The first time I saw the mug shot I was at an Amoco station, 15 minutes from the nearest psych ward and 90 miles from home.

I didn’t need to stop for gas. My tank was still three-quarters full. But having just spent the past 48 hours trying to help a dear friend navigate his hometown’s heartless mental health care system, I figured a scalding cup of stale coffee might keep me from drifting into a ditch.

While I was waiting for the clerk to count out my change, my eyes fell on a copy of the daily paper, dated January 11, 2011.
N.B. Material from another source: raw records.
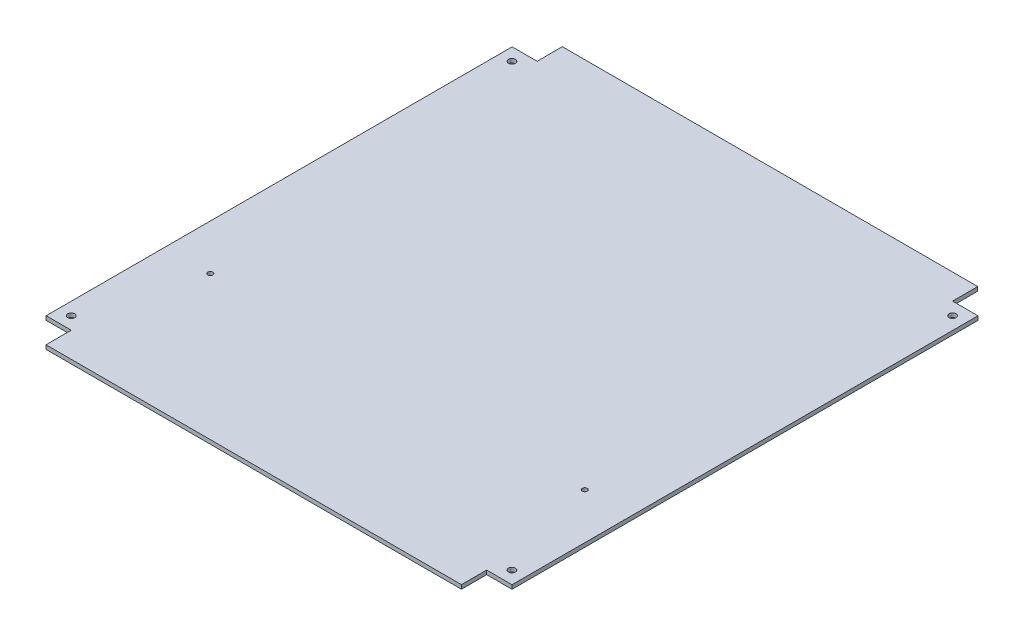
SolidWorks part; units mm, degrees
ref_plane "Front Plane" through (0, 0, 0) normal (0, 0, 1) x (1, 0, 0)
ref_plane "Top Plane" through (0, 0, 0) normal (0, 1, 0) x (1, 0, 0)
ref_plane "Right Plane" through (0, 0, 0) normal (1, 0, 0) x (0, 0, -1)
sketch "Sketch1" plane through (0, 0, 0) normal (0, 1, 0) x (1, 0, 0)
  line L0 (-164.7556, -204.9744) -> (-164.7556, -184.9744)
  line L1 (-164.7556, -184.9744) -> (-184.6556, -184.9744)
  line L2 (-184.6556, -184.9744) -> (-184.5556, 184.6106)
  line L3 (-184.5556, 184.6106) -> (-164.6556, 184.6106)
  line L4 (-164.6556, 184.6106) -> (-164.7556, 204.6106)
  line L5 (-164.7556, 204.6106) -> (164.8194, 204.6106)
  line L6 (164.8194, 204.6106) -> (164.8194, 184.6106)
  line L7 (164.8194, 184.6106) -> (185.0194, 184.6106)
  line L8 (185.0194, 184.6106) -> (184.9294, -184.9744)
  line L9 (184.9294, -184.9744) -> (164.8194, -184.9744)
  line L10 (164.8194, -184.9744) -> (164.8194, -204.9744)
  line L11 (164.8194, -204.9744) -> (-163.3627, -204.9744)
  line L12 (-163.3627, -204.9744) -> (-164.7556, -204.9744)
extrude "Boss-Extrude1" add sketch "Sketch1" along normal blind 3.175
sketch "Sketch2" plane through (0, 3.175, 0) normal (0, 1, 0) x (1, 0, 0)
  line L0 (-184.6556, -184.9744) -> (-164.7556, -184.9744) construction
  line L1 (-164.7556, -184.9744) -> (-164.7556, -204.9744) construction
  line L2 (-184.5556, 184.6106) -> (-184.6556, -184.9744) construction
  line L3 (-164.7556, -204.9744) -> (164.8194, -204.9744) construction
  circle A0 centre (-174.7056, -174.9744) radius 2.75
  circle A5 centre (174.8694, -174.9744) radius 2.75
  circle A6 centre (174.8694, 174.6006) radius 2.75
  circle A7 centre (-174.7056, 174.6006) radius 2.75
  point P0 (-174.7056, -184.9744)
  point P1 (-164.7556, -194.9744)
  point P4 (-184.6556, -184.9744)
  point P7 (-164.7556, -204.9744)
  point P9 (-184.6529, -174.9744)
  point P11 (-154.7556, -204.9744)
  dimension "D1" = 10
  dimension "D2" = 10
  dimension "D5" = 2
  dimension "D6" = 2
extrude "Cut-Extrude1" cut sketch "Sketch2" against normal up to surface (3.175 mm away) up to face at (0.091, 0, 0.1819)
sketch "Sketch3" plane through (0, 3.175, 0) normal (0, 1, 0) x (1, 0, 0)
  circle A0 centre (-148.5031, -90.8984) radius 2
  circle A1 centre (148.5569, -90.8984) radius 2
extrude "Cut-Extrude2" cut sketch "Sketch3" against normal up to surface (3.175 mm away) up to face at (-174.7056, 0, -177.3506)

The front page looked like something a newsboy in knickers would be hawking during the second act of a Batman movie. The headline type was extra-large and loud, the accompanying photo swallowed up all the space above the fold, and the subject–eyes wild, framed by pale cheeks, and a hastily shaven head–looked like a patient from Arkham Asylum. He even wore an off-kilter, vaguely villainous smirk.  

Jared Lee Loughner: Arizona’s assassin, the new year’s first mass murderer, and America’s bogeyman du jour.

By the time I pulled into my driveway, the coffee was ice cold. I hadn’t touched it. I didn’t need to. Enraged, my head swimming in adrenaline, I threw my bags inside the front door and sought out my unsuspecting wife. I wanted to scream about the banality of cynical sensationalism and wail about our country’s need to reduce everything to a biblical battle between good and evil. And I wanted someone to hear me.

It had been three days since Loughner senselessly murdered six people, including a 9-year-old girl, and shot Representative Gabrielle Giffords in the head. Yet the initial storyline was hopelessly fragmented and predictably off point. As was the case in the immediate wake of 9/11, Hurricane Katrina, the mine collapses in Chile and Kentucky, and countless other made-for-TV disasters, the chance to prompt a broad, meaningful conversation about our culture, our government, and our collective moral compass (or lack thereof) was already being squandered.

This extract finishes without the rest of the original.